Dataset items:
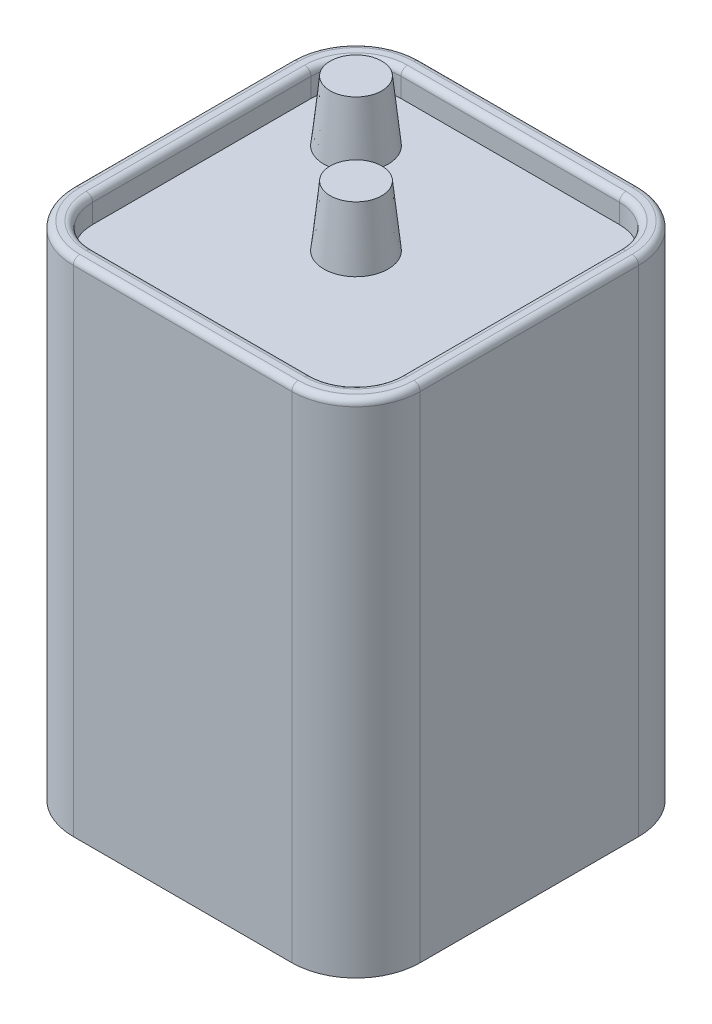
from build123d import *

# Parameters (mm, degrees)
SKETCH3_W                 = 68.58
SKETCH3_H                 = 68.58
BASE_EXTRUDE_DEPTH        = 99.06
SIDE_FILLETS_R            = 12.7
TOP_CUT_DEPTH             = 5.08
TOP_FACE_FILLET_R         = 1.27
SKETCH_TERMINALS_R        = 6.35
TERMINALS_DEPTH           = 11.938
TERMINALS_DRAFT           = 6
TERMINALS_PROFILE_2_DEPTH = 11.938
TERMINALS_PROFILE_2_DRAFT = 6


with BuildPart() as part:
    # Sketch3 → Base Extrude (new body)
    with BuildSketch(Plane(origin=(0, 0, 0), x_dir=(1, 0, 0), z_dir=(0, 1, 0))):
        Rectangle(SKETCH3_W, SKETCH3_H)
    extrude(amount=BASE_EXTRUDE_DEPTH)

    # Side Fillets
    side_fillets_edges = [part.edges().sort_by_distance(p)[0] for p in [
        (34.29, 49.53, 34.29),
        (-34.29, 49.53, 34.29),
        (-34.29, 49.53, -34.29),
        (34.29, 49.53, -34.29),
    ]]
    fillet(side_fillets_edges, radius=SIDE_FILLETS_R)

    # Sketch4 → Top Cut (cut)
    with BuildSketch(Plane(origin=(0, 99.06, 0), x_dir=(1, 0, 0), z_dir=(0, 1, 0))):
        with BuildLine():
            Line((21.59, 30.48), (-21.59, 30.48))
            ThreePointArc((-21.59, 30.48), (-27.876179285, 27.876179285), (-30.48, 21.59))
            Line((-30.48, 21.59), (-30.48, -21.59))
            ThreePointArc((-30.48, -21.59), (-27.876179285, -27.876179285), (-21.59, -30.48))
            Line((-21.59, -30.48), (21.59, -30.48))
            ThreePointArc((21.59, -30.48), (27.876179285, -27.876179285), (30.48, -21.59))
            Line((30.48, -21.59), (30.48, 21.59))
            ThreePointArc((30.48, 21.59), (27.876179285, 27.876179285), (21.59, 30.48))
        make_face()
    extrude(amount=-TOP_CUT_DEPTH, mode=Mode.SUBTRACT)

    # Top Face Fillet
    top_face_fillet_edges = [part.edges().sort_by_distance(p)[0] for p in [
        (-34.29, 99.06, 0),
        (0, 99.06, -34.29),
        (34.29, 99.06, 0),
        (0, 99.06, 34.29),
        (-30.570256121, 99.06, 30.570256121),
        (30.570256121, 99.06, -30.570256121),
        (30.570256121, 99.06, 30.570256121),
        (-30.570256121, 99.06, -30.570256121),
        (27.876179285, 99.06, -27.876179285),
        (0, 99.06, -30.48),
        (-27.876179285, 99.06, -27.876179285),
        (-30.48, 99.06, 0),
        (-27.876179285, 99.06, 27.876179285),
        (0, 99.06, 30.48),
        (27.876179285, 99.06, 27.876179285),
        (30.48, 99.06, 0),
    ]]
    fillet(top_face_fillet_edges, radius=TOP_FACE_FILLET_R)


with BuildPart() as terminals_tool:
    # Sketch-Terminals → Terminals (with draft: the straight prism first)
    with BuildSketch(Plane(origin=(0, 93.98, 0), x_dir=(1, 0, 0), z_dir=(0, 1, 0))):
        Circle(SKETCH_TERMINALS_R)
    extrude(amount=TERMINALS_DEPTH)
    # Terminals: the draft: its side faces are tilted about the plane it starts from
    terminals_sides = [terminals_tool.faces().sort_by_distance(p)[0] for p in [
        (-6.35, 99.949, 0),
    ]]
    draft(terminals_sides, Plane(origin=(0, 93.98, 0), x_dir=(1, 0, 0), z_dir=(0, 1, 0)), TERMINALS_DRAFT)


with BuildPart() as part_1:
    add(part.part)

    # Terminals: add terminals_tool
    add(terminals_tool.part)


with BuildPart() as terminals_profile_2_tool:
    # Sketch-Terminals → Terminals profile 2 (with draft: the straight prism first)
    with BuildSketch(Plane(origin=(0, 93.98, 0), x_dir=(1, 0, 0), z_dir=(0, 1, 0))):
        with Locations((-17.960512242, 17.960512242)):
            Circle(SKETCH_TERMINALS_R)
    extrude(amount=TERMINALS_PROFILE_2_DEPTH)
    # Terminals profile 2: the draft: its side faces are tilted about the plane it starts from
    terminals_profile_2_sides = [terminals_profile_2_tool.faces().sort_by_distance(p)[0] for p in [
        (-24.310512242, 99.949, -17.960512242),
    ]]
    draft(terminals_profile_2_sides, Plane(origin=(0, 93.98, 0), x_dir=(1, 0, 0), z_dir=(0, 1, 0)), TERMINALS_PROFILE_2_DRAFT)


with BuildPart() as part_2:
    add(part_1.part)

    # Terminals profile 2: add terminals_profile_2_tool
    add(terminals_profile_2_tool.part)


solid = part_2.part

**WHAT IS EXPECTED**
The lines from the top of the data above through the one holding "# Sketch3 → Base Extrude (new body)" are to be repeated exactly, and only those, with no pictures.

**EXERCISE ANSWER**
from build123d import *

# Parameters (mm, degrees)
SKETCH3_W                 = 68.58
SKETCH3_H                 = 68.58
BASE_EXTRUDE_DEPTH        = 99.06
SIDE_FILLETS_R            = 12.7
TOP_CUT_DEPTH             = 5.08
TOP_FACE_FILLET_R         = 1.27
SKETCH_TERMINALS_R        = 6.35
TERMINALS_DEPTH           = 11.938
TERMINALS_DRAFT           = 6
TERMINALS_PROFILE_2_DEPTH = 11.938
TERMINALS_PROFILE_2_DRAFT = 6


with BuildPart() as part:
    # Sketch3 → Base Extrude (new body)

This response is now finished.